Records supplied
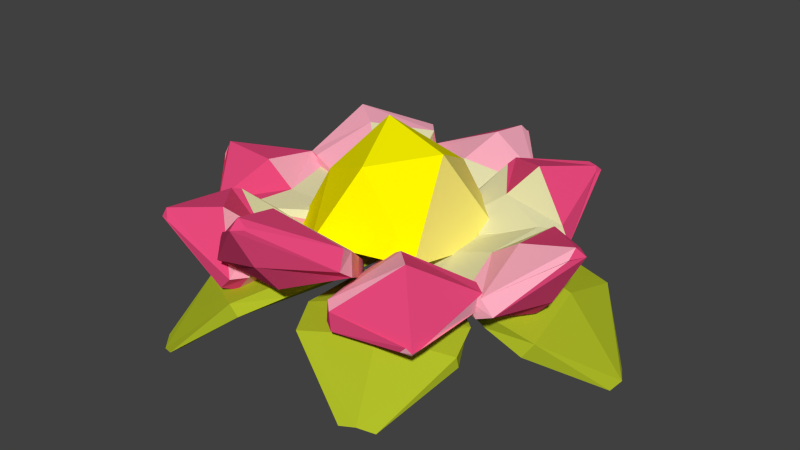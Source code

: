 # Source: swampLotus.blend  (saved by Blender 2.72.0; exported with 4.5.12 LTS)
import bpy
from mathutils import Matrix  # noqa: F401  (used for matrix-valued properties, if any)

bpy.ops.wm.read_factory_settings(use_empty=True)
scene = bpy.context.scene
scene.name = 'Scene'

# ---- collections
col_collection_1 = bpy.data.collections.new('Collection 1'); scene.collection.children.link(col_collection_1)

# ---- materials (node trees are filled in below, after node groups)
mat_blue_waterflower_yellow_001 = bpy.data.materials.new('blue waterflower_yellow.001')
mat_blue_waterflower_yellow_001.alpha_threshold = 0.0
mat_blue_waterflower_yellow_001.use_transparent_shadow = False
mat_blue_waterflower_yellow_001.diffuse_color = (1.0, 0.9314, 0.0, 1.0)
mat_blue_waterflower_yellow_001.roughness = 0.5
mat_blue_waterflower_yellow_001.specular_intensity = 0.0
mat_ljotusyellow_001 = bpy.data.materials.new('ljotusYellow.001')
mat_ljotusyellow_001.alpha_threshold = 0.0
mat_ljotusyellow_001.use_transparent_shadow = False
mat_ljotusyellow_001.diffuse_color = (1.0, 0.8882, 0.2042, 1.0)
mat_ljotusyellow_001.roughness = 0.5
mat_ljotusyellow_001.specular_intensity = 0.0
mat_blue_waterflower_blue = bpy.data.materials.new('blue waterflower_blue')
mat_blue_waterflower_blue.alpha_threshold = 0.0
mat_blue_waterflower_blue.use_transparent_shadow = False
mat_blue_waterflower_blue.diffuse_color = (0.3629, 0.6671, 0.8, 1.0)
mat_blue_waterflower_blue.roughness = 0.5
mat_blue_waterflower_blue.specular_intensity = 0.0
mat_lotuspink1 = bpy.data.materials.new('lotuspink1')
mat_lotuspink1.alpha_threshold = 0.0
mat_lotuspink1.use_transparent_shadow = False
mat_lotuspink1.diffuse_color = (1.0, 0.4332, 0.549, 1.0)
mat_lotuspink1.roughness = 0.5
mat_lotuspink1.specular_intensity = 0.0
mat_lotuswhite = bpy.data.materials.new('lotuswhite')
mat_lotuswhite.alpha_threshold = 0.0
mat_lotuswhite.use_transparent_shadow = False
mat_lotuswhite.diffuse_color = (0.8, 0.772, 0.4507, 1.0)
mat_lotuswhite.roughness = 0.5
mat_lotuswhite.specular_intensity = 0.0
mat_lotuspink2 = bpy.data.materials.new('lotusPink2')
mat_lotuspink2.alpha_threshold = 0.0
mat_lotuspink2.use_transparent_shadow = False
mat_lotuspink2.diffuse_color = (0.8, 0.06616, 0.2006, 1.0)
mat_lotuspink2.roughness = 0.5
mat_lotuspink2.specular_intensity = 0.0
mat_blue_waterflower_blue_001 = bpy.data.materials.new('blue waterflower_blue.001')
mat_blue_waterflower_blue_001.alpha_threshold = 0.0
mat_blue_waterflower_blue_001.use_transparent_shadow = False
mat_blue_waterflower_blue_001.diffuse_color = (0.3629, 0.6671, 0.8, 1.0)
mat_blue_waterflower_blue_001.roughness = 0.5
mat_blue_waterflower_blue_001.specular_intensity = 0.0
mat_lotuspink1_001 = bpy.data.materials.new('lotuspink1.001')
mat_lotuspink1_001.alpha_threshold = 0.0
mat_lotuspink1_001.use_transparent_shadow = False
mat_lotuspink1_001.diffuse_color = (1.0, 0.4332, 0.549, 1.0)
mat_lotuspink1_001.roughness = 0.5
mat_lotuspink1_001.specular_intensity = 0.0
mat_lotuswhite_001 = bpy.data.materials.new('lotuswhite.001')
mat_lotuswhite_001.alpha_threshold = 0.0
mat_lotuswhite_001.use_transparent_shadow = False
mat_lotuswhite_001.diffuse_color = (0.8, 0.772, 0.4507, 1.0)
mat_lotuswhite_001.roughness = 0.5
mat_lotuswhite_001.specular_intensity = 0.0
mat_lotuspink2_001 = bpy.data.materials.new('lotusPink2.001')
mat_lotuspink2_001.alpha_threshold = 0.0
mat_lotuspink2_001.use_transparent_shadow = False
mat_lotuspink2_001.diffuse_color = (0.8, 0.06616, 0.2006, 1.0)
mat_lotuspink2_001.roughness = 0.5
mat_lotuspink2_001.specular_intensity = 0.0
mat_blue_waterflower_leaf_001 = bpy.data.materials.new('blue_waterflower_leaf.001')
mat_blue_waterflower_leaf_001.alpha_threshold = 0.0
mat_blue_waterflower_leaf_001.use_transparent_shadow = False
mat_blue_waterflower_leaf_001.diffuse_color = (0.4397, 0.521, 0.02122, 1.0)
mat_blue_waterflower_leaf_001.roughness = 0.5
mat_blue_waterflower_leaf_001.specular_intensity = 0.0

# ---- material node trees

# ---- world
world_world = bpy.data.worlds.new('World'); scene.world = world_world
world_world.color = (0.05088, 0.05088, 0.05088)
world_world.use_sun_shadow = False
world_world.sun_shadow_jitter_overblur = 0.0
world_world.cycles.sampling_method = 'MANUAL'
world_world.cycles.sample_map_resolution = 256

# ---- meshes
me_icosphere_006 = bpy.data.meshes.new('Icosphere.006')
me_icosphere_006.from_pydata([(0.06303, 0.3891, -0.3246), (0.03575, 0.4428, -0.3123), (0.2707, 0.4318, -0.7757), (-0.2852, 0.4369, -0.8168), (0.006427, 0.6559, -0.8442), (0.03295, 0.5955, -1.072), (-0.03973, 0.5772, -1.058), (-0.3008, 0.5218, -0.7117), (-0.02445, 0.5815, -0.6297), (-0.2716, 0.3782, 0.0424), (-0.757, 0.4682, 0.2511), (-0.7529, 0.3808, 0.2453), (-0.7281, 0.578, -0.04357), (-0.8583, 0.3333, -0.05369), (-0.2252, 0.3385, -0.0449), (-0.5818, 0.4673, -0.04196), (-0.2591, 0.4577, -0.1756), (-0.7256, 0.5253, -0.3323), (-0.7006, 0.4265, -0.3689), (-0.3237, 0.6311, -0.7686), (-0.1505, 0.5242, -0.1892), (-0.6804, 0.4786, -0.7042), (-0.6612, 0.5321, -0.2957), (-0.6521, 0.4092, -0.3009), (-0.2742, 0.5288, -0.6997), (-0.265, 0.6342, -0.7021), (0.1109, 0.4291, -0.2801), (0.2286, 0.4058, -0.1982), (0.4387, 0.7037, -0.5429), (0.1329, 0.414, -0.1788), (0.5689, 0.684, -0.7417), (0.6304, 0.6692, -0.6951), (0.6237, 0.7024, -0.7094), (0.1924, 0.6033, -0.6662), (-0.1545, 0.3275, 0.1641), (-0.7179, 0.4729, 0.283), (-0.5777, 0.3172, 0.5192), (-0.5808, 0.5661, 0.6481), (0.08059, 0.3135, 0.1647), (0.496, 0.3455, 0.439), (0.1238, 0.3105, 0.09127), (0.4984, 0.6584, 0.4392), (0.6624, 0.4083, 0.5489), (0.6809, 0.4252, 0.5473), (0.6476, 0.3895, 0.5834), (0.2281, 0.3767, 0.589), (0.3886, 0.3046, 0.3145), (0.9232, 0.6309, -0.04276), (0.9124, 0.6433, -0.1158), (0.9208, 0.6358, -0.09404), (0.6116, 0.4688, 0.2272), (0.5362, 0.5106, -0.06997), (0.7549, 0.3001, -0.08373), (-0.1171, 0.3683, 0.2289), (0.08813, 0.3568, 0.2186), (-0.03123, 0.3022, 0.2057), (0.04447, 0.8097, 0.8079), (0.003531, 0.8371, 0.8053), (-0.2661, 0.4668, 0.6318), (-0.2987, 0.5352, 0.569), (0.2566, 0.6447, 0.4689), (0.03984, 0.4777, 0.6589), (-0.3066, 0.5344, -0.7661), (-0.02018, 0.3259, -0.2838), (-0.01121, 0.5928, -1.073), (0.00225, 0.3304, -0.7704), (-0.2673, 0.3855, -0.1229), (-0.2511, 0.4351, 0.05609), (-0.2053, 0.473, -0.03202), (-0.9677, 0.5549, -0.07568), (-0.9598, 0.5572, -0.08218), (-0.9845, 0.5373, -0.002485), (-0.9801, 0.5516, 0.001217), (-0.9937, 0.596, -0.04713), (-1.019, 0.5668, -0.06036), (-0.6378, 0.4679, 0.2456), (-0.6776, 0.3689, 0.2256), (-0.7645, 0.2986, -0.06646), (-0.5207, 0.4445, -0.6114), (-0.1341, 0.4058, -0.2128), (-0.5877, 0.7364, -0.551), (-0.6307, 0.4959, -0.7553), (-0.6696, 0.478, -0.7078), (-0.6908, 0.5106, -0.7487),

What you should do
Filter the entries down to the lines that include the string "cycles".

Result for this task
world_world.cycles.sampling_method = 'MANUAL'
world_world.cycles.sample_map_resolution = 256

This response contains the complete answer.